After chasing depth, normals, culling, transforms—everything, the problem turned out to be a single flawed assumption in my importer. I was “fixing” triangle winding for DirectX… even though the triangles were already correct.
Before:
indices.push_back(i0);
indices.push_back(i2);
indices.push_back(i1);
After:
indices.push_back(i0);
indices.push_back(i1);
indices.push_back(i2);
Three lines. Hours of confusion. And the second I fixed it, the ship popped into place perfectly. Lighting behaved, the CRT pass behaved, everything behaved.
The First Real Imported Mesh
Seeing a real ship model rendered correctly in RetroEngine, with albedo textures and lighting active, was the moment this whole project finally felt like a real engine. Not a prototype. A functioning, extensible pipeline.

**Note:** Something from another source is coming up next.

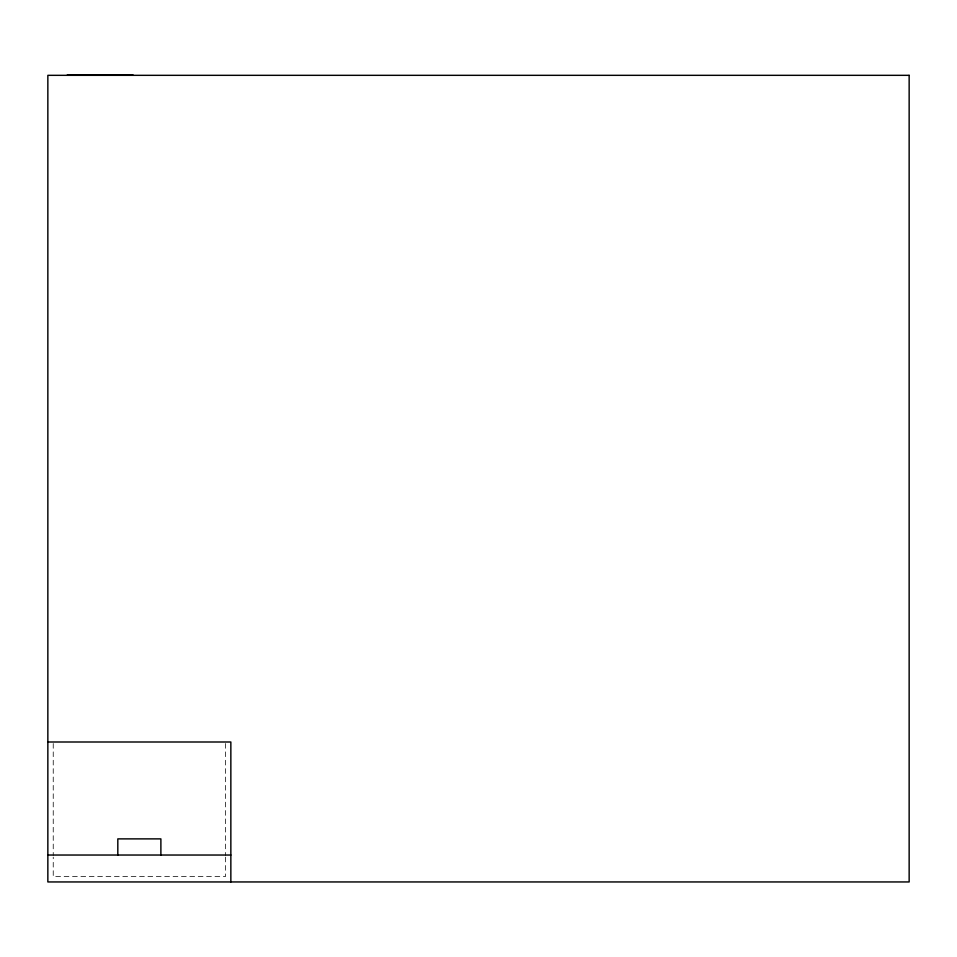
<?xml version="1.0" encoding="UTF-8"?>
<svg xmlns="http://www.w3.org/2000/svg" width="957" height="957" viewBox="0 0 957 957"><rect width="100%" height="100%" fill="white"/><g stroke="black" fill="none" stroke-linecap="round" stroke-linejoin="round"><path stroke-width="0.72" stroke-dasharray="4.79 3.59" d="M225.469 743.493L225.469 855.63M225.469 857.125L225.469 876.564L53.233 876.564L53.233 857.125M53.233 743.493L53.233 855.63"/><path stroke-width="1.44" d="M67.217 75.053L133.143 75.053M47.85 741.998L230.852 741.998L230.852 881.947M47.85 855.032L230.852 855.032M160.884 855.032L160.884 838.882L117.819 838.882L117.819 855.032M909.15 75.328L47.85 75.328L47.85 881.947L909.15 881.947L909.15 75.328"/></g></svg>

Where The Engine Stands Now
- Full OBJ importing integrated into the editor
- Correct normals, correct winding, correct shading
- Working albedo textures
- A global SRV heap managing all textures cleanly
- Lambert lighting with directional + ambient controls
- Emissive support
- A CRT pass that ties it all together
What Comes Next
The next milestones should revolve around expanding the engine framework itself:
- scene saving/loading (JSON or binary)
- half-Lambert shading for softer highlights
- blob shadows
- retro-style specular
- material presets
- expanded mesh importing (MTL, multi-material)
This update took longer than expected, but it brought the engine to a point where building worlds inside it finally feels possible. The tech and the tools are starting to line up.